Вздрагиваю.

Когда он увидел?

Наверняка в детской действительно стоят камеры, и мне будет проблематично взять ДНК Сони. Впрочем, никто не отменял тот факт, что ложка после еды могла пропасть, как и несколько волосков из детской расчёски. Остаётся надеяться, что этот момент не окажется на камере крупным планом.

Разве может человек в здравом уме догадаться, что я пришла сюда ради дочери?

Если только этот человек не знает, у кого он отнял ребёнка.

Знай Усольцев, что я мать Сони, то он бы не подпустил меня и близко к своему дому.

В кабинете мужчины царит духота и пахнет деревом. Мне тяжело дышать, но скорее это связано и с нервным напряжением. Всё-таки я слишком переволновалась сегодня. День выдался крайне суровым, и мне хочется пойти спать. Ночью за Соней будет приглядывать Наталья, хоть мне бы и хотелось самой остаться с дочерью. Вот только нельзя пока проявлять настойчивость и претендовать на всё время девочки, чтобы не вызвать подозрения.

Я вдруг смеюсь собственным мыслям, думая, а когда закончится это «когда»? Понятие растяжимое, ведь уже сегодня я могла получить ДНК девочки и сбежать, чтобы поскорее сделать анализ, но ведь не сделала.

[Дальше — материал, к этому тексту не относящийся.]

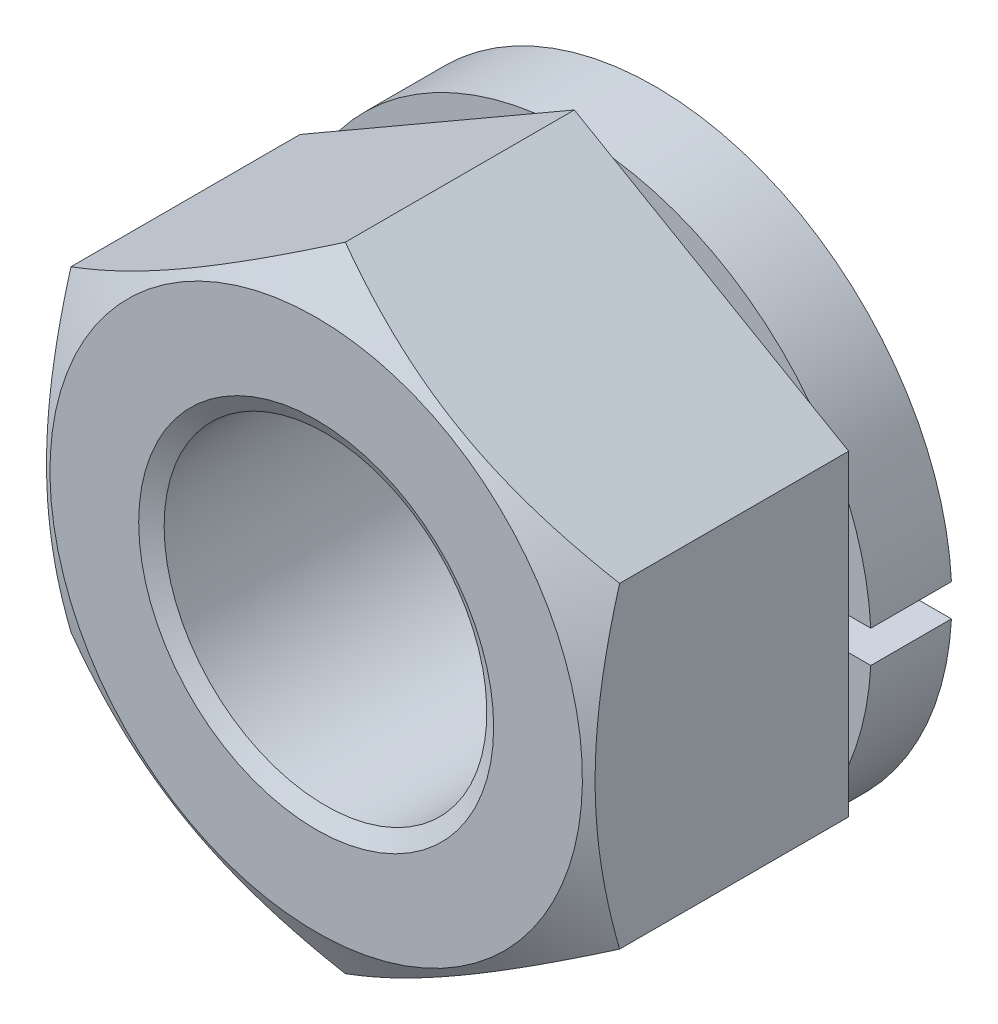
ISO-10303-21;
HEADER;
FILE_DESCRIPTION(('STEP AP214'),'2;1');
FILE_NAME('part.step','',(''),(''),'','','');
FILE_SCHEMA(('AUTOMOTIVE_DESIGN { 1 0 10303 214 1 1 1 1 }'));
ENDSEC;
DATA;
#1=APPLICATION_CONTEXT('core data for automotive mechanical design processes');
#2=APPLICATION_PROTOCOL_DEFINITION('international standard','automotive_design',2000,#1);
#3=PRODUCT_CONTEXT('',#1,'mechanical');
#4=PRODUCT('Part','Part','',(#3));
#5=PRODUCT_RELATED_PRODUCT_CATEGORY('part','',(#4));
#6=PRODUCT_DEFINITION_FORMATION('','',#4);
#7=PRODUCT_DEFINITION_CONTEXT('part definition',#1,'design');
#8=PRODUCT_DEFINITION('design','',#6,#7);
#9=PRODUCT_DEFINITION_SHAPE('','',#8);
#10=(LENGTH_UNIT() NAMED_UNIT(*) SI_UNIT(.MILLI.,.METRE.));
#11=(NAMED_UNIT(*) PLANE_ANGLE_UNIT() SI_UNIT($,.RADIAN.));
#12=(NAMED_UNIT(*) SI_UNIT($,.STERADIAN.) SOLID_ANGLE_UNIT());
#13=UNCERTAINTY_MEASURE_WITH_UNIT(LENGTH_MEASURE(1.E-05),#10,'distance_accuracy_value','');
#14=(GEOMETRIC_REPRESENTATION_CONTEXT(3) GLOBAL_UNCERTAINTY_ASSIGNED_CONTEXT((#13)) GLOBAL_UNIT_ASSIGNED_CONTEXT((#10,
#11,#12)) REPRESENTATION_CONTEXT('',''));
#15=CARTESIAN_POINT('',(0.,0.,0.));
#16=DIRECTION('',(0.,0.,1.));
#17=DIRECTION('',(1.,0.,0.));
#18=AXIS2_PLACEMENT_3D('',#15,#16,#17);
#19=CARTESIAN_POINT('',(8.5,-14.7224318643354,2.5));
#20=DIRECTION('',(0.,0.,1.));
#21=DIRECTION('',(0.,1.,0.));
#22=AXIS2_PLACEMENT_3D('',#19,#20,#21);
#23=PLANE('',#22);
#24=CARTESIAN_POINT('',(0.,0.,2.5));
#25=DIRECTION('',(0.,0.,-1.));
#26=DIRECTION('',(0.,1.,0.));
#27=AXIS2_PLACEMENT_3D('',#24,#25,#26);
#28=CIRCLE('',#27,9.2);
#29=CARTESIAN_POINT('',(8.5,-3.5199431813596,2.5));
#30=VERTEX_POINT('',#29);
#31=CARTESIAN_POINT('',(7.29836021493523,-5.60124434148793,2.5));
#32=VERTEX_POINT('',#31);
#33=EDGE_CURVE('E9',#30,#32,#28,.T.);
#34=ORIENTED_EDGE('',*,*,#33,.F.);
#35=DIRECTION('',(0.,1.,0.));
#36=VECTOR('',#35,1.);
#37=CARTESIAN_POINT('',(8.5,-4.90747728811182,2.5));
#38=LINE('',#37,#36);
#39=CARTESIAN_POINT('',(8.5,-4.90747728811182,2.5));
#40=VERTEX_POINT('',#39);
#41=EDGE_CURVE('E316',#40,#30,#38,.T.);
#42=ORIENTED_EDGE('',*,*,#41,.F.);
#43=DIRECTION('',(0.866025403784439,0.5,0.));
#44=VECTOR('',#43,1.);
#45=CARTESIAN_POINT('',(0.,-9.81495457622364,2.5));
#46=LINE('',#45,#44);
#47=EDGE_CURVE('E269',#32,#40,#46,.T.);
#48=ORIENTED_EDGE('',*,*,#47,.F.);
#49=EDGE_LOOP('',(#34,#42,#48));
#50=FACE_BOUND('',#49,.T.);
#51=ADVANCED_FACE('F14',(#50),#23,.F.);
#52=CARTESIAN_POINT('',(1.20163978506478,-9.12118752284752,2.5));
#53=VERTEX_POINT('',#52);
#54=CARTESIAN_POINT('',(-1.20163978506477,-9.12118752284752,2.5));
#55=VERTEX_POINT('',#54);
#56=EDGE_CURVE('E24',#53,#55,#28,.T.);
#57=ORIENTED_EDGE('',*,*,#56,.F.);
#58=CARTESIAN_POINT('',(0.,-9.81495457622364,2.5));
#59=VERTEX_POINT('',#58);
#60=EDGE_CURVE('E273',#59,#53,#46,.T.);
#61=ORIENTED_EDGE('',*,*,#60,.F.);
#62=DIRECTION('',(0.866025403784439,-0.5,0.));
#63=VECTOR('',#62,1.);
#64=CARTESIAN_POINT('',(-8.5,-4.90747728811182,2.5));
#65=LINE('',#64,#63);
#66=EDGE_CURVE('E253',#55,#59,#65,.T.);
#67=ORIENTED_EDGE('',*,*,#66,.F.);
#68=EDGE_LOOP('',(#57,#61,#67));
#69=FACE_BOUND('',#68,.T.);
#70=ADVANCED_FACE('F568',(#69),#23,.F.);
#71=CARTESIAN_POINT('',(-7.29836021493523,-5.60124434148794,2.5));
#72=VERTEX_POINT('',#71);
#73=CARTESIAN_POINT('',(-8.5,-3.5199431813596,2.5));
#74=VERTEX_POINT('',#73);
#75=EDGE_CURVE('E257',#72,#74,#28,.T.);
#76=ORIENTED_EDGE('',*,*,#75,.F.);
#77=CARTESIAN_POINT('',(-8.5,-4.90747728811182,2.5));
#78=VERTEX_POINT('',#77);
#79=EDGE_CURVE('E252',#78,#72,#65,.T.);
#80=ORIENTED_EDGE('',*,*,#79,.F.);
#81=DIRECTION('',(0.,-1.,0.));
#82=VECTOR('',#81,1.);
#83=CARTESIAN_POINT('',(-8.5,4.90747728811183,2.5));
#84=LINE('',#83,#82);
#85=EDGE_CURVE('E328',#74,#78,#84,.T.);
#86=ORIENTED_EDGE('',*,*,#85,.F.);
#87=EDGE_LOOP('',(#76,#80,#86));
#88=FACE_BOUND('',#87,.T.);
#89=ADVANCED_FACE('F562',(#88),#23,.F.);
#90=CARTESIAN_POINT('',(-8.5,3.51994318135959,2.5));
#91=VERTEX_POINT('',#90);
#92=CARTESIAN_POINT('',(-7.29836021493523,5.60124434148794,2.5));
#93=VERTEX_POINT('',#92);
#94=EDGE_CURVE('E103',#91,#93,#28,.T.);
#95=ORIENTED_EDGE('',*,*,#94,.F.);
#96=CARTESIAN_POINT('',(-8.5,4.90747728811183,2.5));
#97=VERTEX_POINT('',#96);
#98=EDGE_CURVE('E330',#97,#91,#84,.T.);
#99=ORIENTED_EDGE('',*,*,#98,.F.);
#100=DIRECTION('',(-0.866025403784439,-0.5,0.));
#101=VECTOR('',#100,1.);
#102=CARTESIAN_POINT('',(0.,9.81495457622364,2.5));
#103=LINE('',#102,#101);
#104=EDGE_CURVE('E323',#93,#97,#103,.T.);
#105=ORIENTED_EDGE('',*,*,#104,.F.);
#106=EDGE_LOOP('',(#95,#99,#105));
#107=FACE_BOUND('',#106,.T.);
#108=ADVANCED_FACE('F381',(#107),#23,.F.);
#109=CARTESIAN_POINT('',(-1.20163978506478,9.12118752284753,2.5));
#110=VERTEX_POINT('',#109);
#111=CARTESIAN_POINT('',(1.20163978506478,9.12118752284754,2.5));
#112=VERTEX_POINT('',#111);
#113=EDGE_CURVE('E98',#110,#112,#28,.T.);
#114=ORIENTED_EDGE('',*,*,#113,.F.);
#115=CARTESIAN_POINT('',(0.,9.81495457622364,2.5));
#116=VERTEX_POINT('',#115);
#117=EDGE_CURVE('E325',#116,#110,#103,.T.);
#118=ORIENTED_EDGE('',*,*,#117,.F.);
#119=DIRECTION('',(-0.866025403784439,0.5,0.));
#120=VECTOR('',#119,1.);
#121=CARTESIAN_POINT('',(8.5,4.90747728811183,2.5));
#122=LINE('',#121,#120);
#123=EDGE_CURVE('E319',#112,#116,#122,.T.);
#124=ORIENTED_EDGE('',*,*,#123,.F.);
#125=EDGE_LOOP('',(#114,#118,#124));
#126=FACE_BOUND('',#125,.T.);
#127=ADVANCED_FACE('F415',(#126),#23,.F.);
#128=CARTESIAN_POINT('',(7.29836021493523,5.60124434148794,2.5));
#129=VERTEX_POINT('',#128);
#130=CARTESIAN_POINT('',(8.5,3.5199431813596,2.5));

— Я рада, что пока оправдываю ваше доверие, — говорю сдавленным голосом я и натянуто улыбаюсь.

— Вижу, вы устали. Вам следует отдохнуть. Сегодня день выдался непростым для нас всех.

Киваю, только бы поскорее сбежать от неудобного разговора и остаться наедине с собой. Мне пока сложно смотреть в глаза человека, которого я планирую предать.

Отмечаю, что Усольцев сам выглядит крайне уставшим: под глазами пролегли глубокие тени, уголки губ опущены, а на лбу отчётливо прослеживаются складки. Он много переживал сегодня, много хмурился и истончился морально. Наверное, у него сейчас непростой развод с женой, раз он так нервничает. Ещё недавно женщина была рядом с ним, я ведь видела её фотографии с Соней в социальных сетях, а теперь её нет. Только Богу одному известно, что произошло между ними двумя, и это точно не моё дело, но мне жаль Усольцева.

Хотя кто я такая, чтобы жалеть других?

Меня не жалели, так почему я должна?

Сердце сдавливает, и я отвожу взгляд в сторону.

— Мы можем подписать договор прямо сейчас, если вы готовы, — предлагает Виктор, чем отвлекает меня от мыслей.

— Конечно, — отвечаю я и беру бумаги, которые уже минут пятнадцать лежали передо мной, но я так и не ознакомилась с их содержимым.

Нужно сделать всё прямо сейчас и уйти. Переведу дух, и мне станет легче. Возможно, утром я смогу окончательно избавиться от угрызений совести, ведь когда у меня отнимали дочь, никто не думал о чувствах безутешной матери, которой заявили, что ребёнок погиб во время родов.

Смотрю на текст, но буквы плывут перед глазами, и я ничего толком не могу прочесть. Я вспоминаю, как прижимала дочку к себе, и на губах появляется нелепая улыбка.

— Всё в порядке? — словно пытается уточнить причину моей радости Усольцев.

— Да. Всё замечательно, — отвечаю ему лёгким кивком.

«Лучше, чем могло бы быть, ведь моя дочь жива».

На мгновение меня бьёт мысль, что Соня может оказаться не моей, но я отметаю её. Такая вероятность слишком мала.

Чересчур мала, я бы сказала.

Беру ручку и ставлю подпись, так и не ознакомившись со всеми условиями, прописанными там. Я в любом случае должна буду подписать эти бумаги, чтобы и дальше оставаться рядом с дочерью, так к чему читать?..

— Я прошу вас не покидать этот дом без меня или без сопровождения. Всё-таки ваша связь с господином Шолоховым заставляет меня относиться к вам с осторожностью.